Jeez this is a lot, I am happy to finally start a DMD but now I am reconsidering Copaxone due to the things I have learned since I chose it. Well I will still give it a shot and see what happens. Hopefully the welts wont be bad on me or wont be there at all.

Paula

Okay, I can only speak for my own experience and I understand that individuals respond differently... but:

From my experience, I felt the sting but it was not that bad. The *way* it feels is similar to a bee sting, but it was about 1 one-hundredth as severe as the pain you get from a bee sting. It lasted 5-10 minutes, then I had a welt. The welt lasted less than 12 hours.

Jenphilly is another member that started Copaxone recently (a few months ago, I believe). She says she tries to have a chore lined up to do immediately after the shot to get her mind off the sting. It really is so minor that you can take your mind off it by occupying yourself with other things.

There is one thing will give you a heads up on that I found hilarious: When my nurse watched me do the first shot, she stared at me for 10 minutes afterwards. I know she was monitoring my body's reaction, but it was funny. I mean she was STARING at me.

Best wishes, and please don't hesitate to ask other questions. I'm sure more forum members will chime in here as there seems to be many of us on Copaxone.

- Jane

Lulu,

Me to, he apparentley wasn't playing games this time :)

Jane,

glad to hear you started your meds. The thing that worries me is that the nurse who talked to me said that the biggest complaint they recieve is that it stings when you inject. I said well that is to be expected with any shot and she said no, this is more like a bee sting, but she said it differs for everyone. I don't want to be stung by a bee every day for the rest of my life lol. I will see how it works for me and go from there.
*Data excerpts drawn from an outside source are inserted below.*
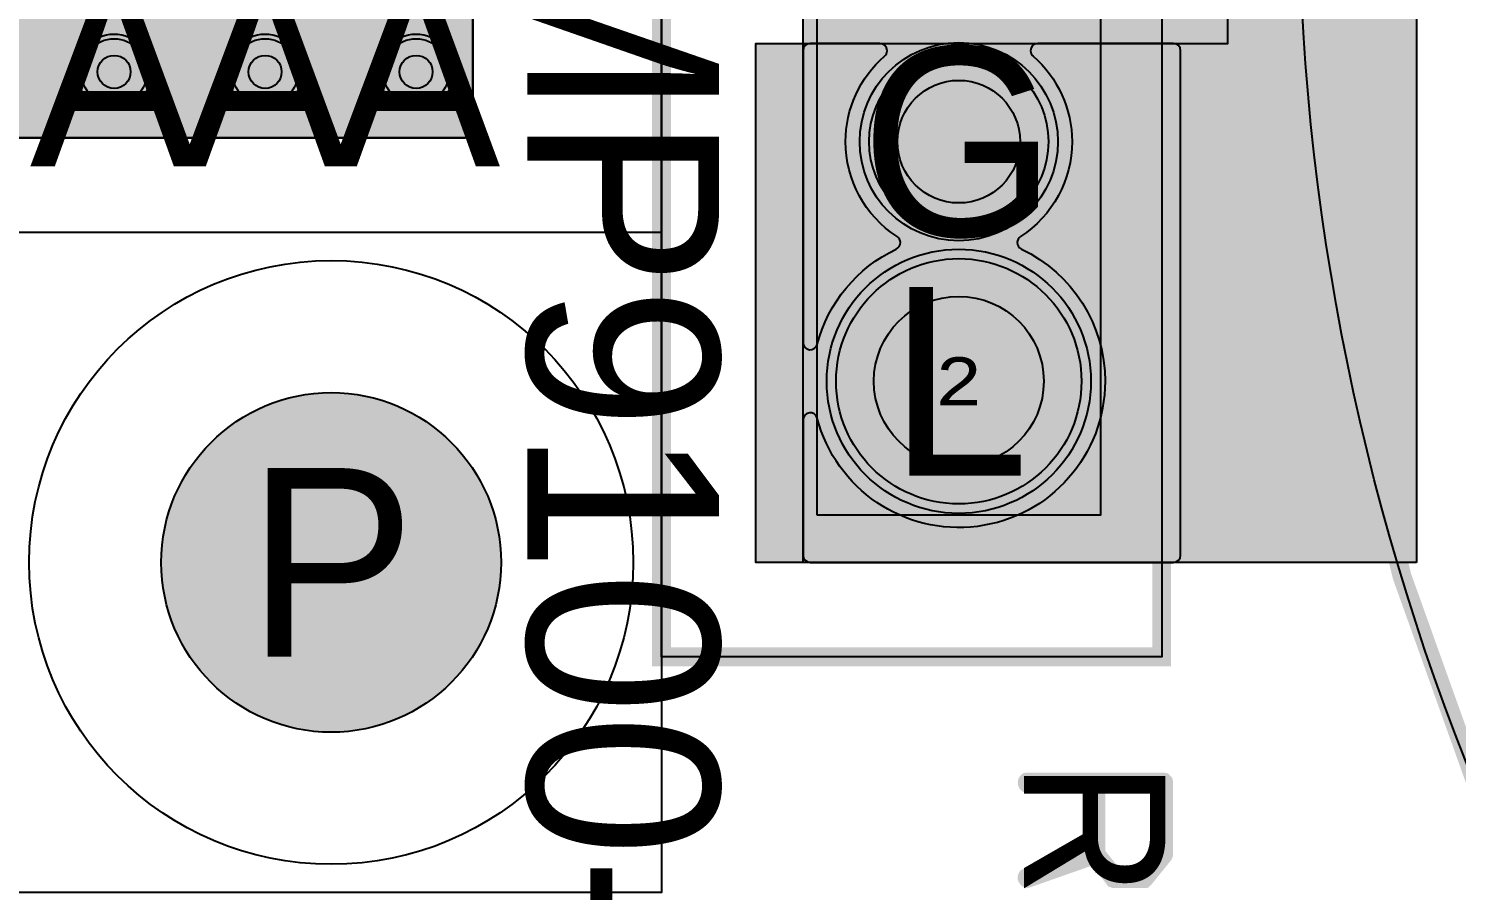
# Model space of a CAD drawing. Extents: x -28 to 199, y -61 to 255.
# Drawn here: x 104.79 to 119.92, y 17.02 to 26.16 of the extents above; entities that cross this region are included whole.
import ezdxf
from ezdxf.enums import TextEntityAlignment as Align

# ---------------------------------------------------------------- set-up
doc = ezdxf.new("R2010")
doc.units = 0
doc.header["$MEASUREMENT"] = 0
for name, color, linetype in [('ASSEMBLY_OUTLINES_TOP', 102, 'CONTINUOUS'), ('ASSEMBLY_PART_NUMBERS_TOP', 102, 'CONTINUOUS'), ('DRILL_DRAWING', 21, 'CONTINUOUS'), ('GENERATED_SILKSCREEN_TOP', 140, 'CONTINUOUS'), ('MOUNTING_HOLE_PADS_LAYER14', 150, 'CONTINUOUS'), ('MOUNTING_HOLE_PADS_LAYER17', 10, 'CONTINUOUS'), ('MOUNTING_HOLE_PADS_LAYER_2', 230, 'CONTINUOUS'), ('MOUNTING_HOLE_PADS_LAYER_3', 81, 'CONTINUOUS'), ('MOUNTING_HOLES_LAYER_2', 42, 'CONTINUOUS'), ('MOUNTING_HOLES_LAYER_3', 42, 'CONTINUOUS'), ('MOUNTING_HOLES_LAYER_BOT21', 42, 'CONTINUOUS'), ('MOUNTING_HOLES_LAYER_TOP', 42, 'CONTINUOUS'), ('PART_HOLES_LAYER_2', 30, 'CONTINUOUS'), ('PART_HOLES_LAYER_3', 30, 'CONTINUOUS'), ('PART_HOLES_LAYER_BOTTOM', 30, 'CONTINUOUS'), ('PART_HOLES_LAYER_TOP', 30, 'CONTINUOUS'), ('PART_PADS_LAYER_2', 230, 'CONTINUOUS'), ('PART_PADS_LAYER_3', 81, 'CONTINUOUS'), ('PART_PADS_LAYER_BOTTOM', 10, 'CONTINUOUS'), ('PART_PADS_LAYER_TOP', 150, 'CONTINUOUS'), ('PIN_NUMBERS_BTM', 8, 'CONTINUOUS'), ('PIN_NUMBERS_TOP', 8, 'CONTINUOUS'), ('PLACEMENT_OUTLINES_TOP', 130, 'CONTINUOUS'), ('PLANE_DATA_LAYER_2', 230, 'CONTINUOUS'), ('PLANE_DATA_LAYER_3', 81, 'CONTINUOUS'), ('PLANE_DATA_LAYER_BOTTOM', 10, 'CONTINUOUS'), ('PLANE_DATA_LAYER_TOP', 150, 'CONTINUOUS'), ('PLANE_SHAPES_LAYER_2', 230, 'CONTINUOUS'), ('PLANE_SHAPES_LAYER_3', 81, 'CONTINUOUS'), ('PLANE_SHAPES_LAYER_BOTTOM', 10, 'CONTINUOUS'), ('PLANE_SHAPES_LAYER_TOP', 150, 'CONTINUOUS'), ('SILKSCREEN_OUTLINES_TOP', 150, 'CONTINUOUS'), ('SILKSCREEN_REF_DES_TOP', 150, 'CONTINUOUS'), ('SOLDERMASK_PADS_BTM', 12, 'CONTINUOUS'), ('SOLDERMASK_PADS_TOP', 180, 'CONTINUOUS'), ('VIA_HOLES_LAYER_2', 30, 'CONTINUOUS'), ('VIA_HOLES_LAYER_3', 30, 'CONTINUOUS'), ('VIA_HOLES_LAYER_BOTTOM', 30, 'CONTINUOUS'), ('VIA_HOLES_LAYER_TOP', 30, 'CONTINUOUS'), ('VIA_PADS_LAYER_2', 230, 'CONTINUOUS'), ('VIA_PADS_LAYER_3', 81, 'CONTINUOUS'), ('VIA_PADS_LAYER_BOTTOM', 10, 'CONTINUOUS'), ('VIA_PADS_LAYER_TOP', 150, 'CONTINUOUS')]:
    doc.layers.add(name, color=color, linetype=linetype)
doc.styles.add('COURIER_NEW', font='COUR.TTF')
doc.styles.add('VERIBEST_GERBER_0', font='txt')

msp = doc.modelspace()

# ---------------------------------------------------------------- hatches: boundary and pattern name
at = {"layer": 'MOUNTING_HOLES_LAYER_2'}
h = msp.add_hatch(color=256, dxfattribs=at)
edge = h.paths.add_edge_path()
edge.add_arc((114.65, 24.96), 0.65, 0, 360)
h = msp.add_hatch(color=256, dxfattribs=at)
edge = h.paths.add_edge_path()
edge.add_arc((108, 20.5), 1.8, 0, 360)
at = {"layer": 'MOUNTING_HOLES_LAYER_3'}
h = msp.add_hatch(color=256, dxfattribs=at)
edge = h.paths.add_edge_path()
edge.add_arc((114.65, 24.96), 0.65, 0, 360)
h = msp.add_hatch(color=256, dxfattribs=at)
edge = h.paths.add_edge_path()
edge.add_arc((108, 20.5), 1.8, 0, 360)
at = {"layer": 'MOUNTING_HOLES_LAYER_BOT21'}
h = msp.add_hatch(color=256, dxfattribs=at)
edge = h.paths.add_edge_path()
edge.add_arc((114.65, 24.96), 0.65, 0, 360)
h = msp.add_hatch(color=256, dxfattribs=at)
edge = h.paths.add_edge_path()
edge.add_arc((108, 20.5), 1.8, 0, 360)
at = {"layer": 'MOUNTING_HOLES_LAYER_TOP'}
h = msp.add_hatch(color=256, dxfattribs=at)
edge = h.paths.add_edge_path()
edge.add_arc((114.65, 24.96), 0.65, 0, 360)
h = msp.add_hatch(color=256, dxfattribs=at)
edge = h.paths.add_edge_path()
edge.add_arc((108, 20.5), 1.8, 0, 360)
at = {"layer": 'PART_HOLES_LAYER_2'}
h = msp.add_hatch(color=256, dxfattribs=at)
edge = h.paths.add_edge_path()
edge.add_arc((114.65, 22.42), 0.9, 0, 360)
at = {"layer": 'PART_HOLES_LAYER_3'}
h = msp.add_hatch(color=256, dxfattribs=at)
edge = h.paths.add_edge_path()
edge.add_arc((114.65, 22.42), 0.9, 0, 360)
at = {"layer": 'PART_HOLES_LAYER_BOTTOM'}
h = msp.add_hatch(color=256, dxfattribs=at)
edge = h.paths.add_edge_path()
edge.add_arc((114.65, 22.42), 0.9, 0, 360)
at = {"layer": 'PART_HOLES_LAYER_TOP'}
h = msp.add_hatch(color=256, dxfattribs=at)
edge = h.paths.add_edge_path()
edge.add_arc((114.65, 22.42), 0.9, 0, 360)
at = {"layer": 'PLANE_DATA_LAYER_2'}
h = msp.add_hatch(color=256, dxfattribs=at)
h.paths.add_polyline_path([(119.5, 20.5762, -0.41421356), (119.4238, 20.5), (112.5762, 20.5, -0.41421356), (112.5, 20.5762), (112.5, 25.9238, -0.41421356), (112.5762, 26), (113.81347, 26, -0.69400656), (113.86342, 25.86625, 0.47123503), (113.90926, 24.01591, -0.23032383), (113.93842, 23.95596, -0.2813093), (113.897, 23.88816, 0.2813097), (113, 22.42, 1), (116.3, 22.42, 0.2813097), (115.403, 23.88816, -0.2813093), (115.36158, 23.95596, -0.23032383), (115.39074, 24.01591, 0.47123502), (115.43658, 25.86625, -0.69400656), (115.48653, 26), (117.5, 26), (117.5, 39.5), (111.5762, 39.5, -0.41421356), (111.5, 39.5762), (111.5, 45.4238, -0.41421356), (111.5762, 45.5), (117.5, 45.5), (117.5, 54.5), (110.5762, 54.5, -0.41421356), (110.5, 54.5762), (110.5, 69.9238, -0.41421356), (110.5762, 70), (117, 70), (117, 73.5), (116.0762, 73.5, -0.41421356), (116, 73.5762), (116, 73.78499, -0.40185227), (116.07297, 73.86112, 0.91416665), (116.19053, 76.34831, -0.37467047), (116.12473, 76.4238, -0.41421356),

I am really hoping Copaxone works for me so that I don't have to do an interferon. I don't want to have to monitor my liver levels all the time but I will if I have too.

Paula

I'm super happy for you that the process has started. I had my first Copaxone shot last night and for some reason I am finding myself a lot less stressed out now that I'm on a med. I suppose just being able to do something - even if it doesn't cause an immediate improvement - feels good.

From the time Shared Solutions first called me to tell me the autojector was in the mail to when the meds arrived at my house was two to three weeks. Every step basically took a few more days than they said it would. I found myself calling to check on things every week or so, just to make sure there wasn't a snag somewhere.

Best wishes as you get everything scheduled. I got a cool nurse - hope you do too!

- Jane

Paula, that is terrific news from your corner of the state.  I am so happy to hear your drugs are coming and his call made a difference.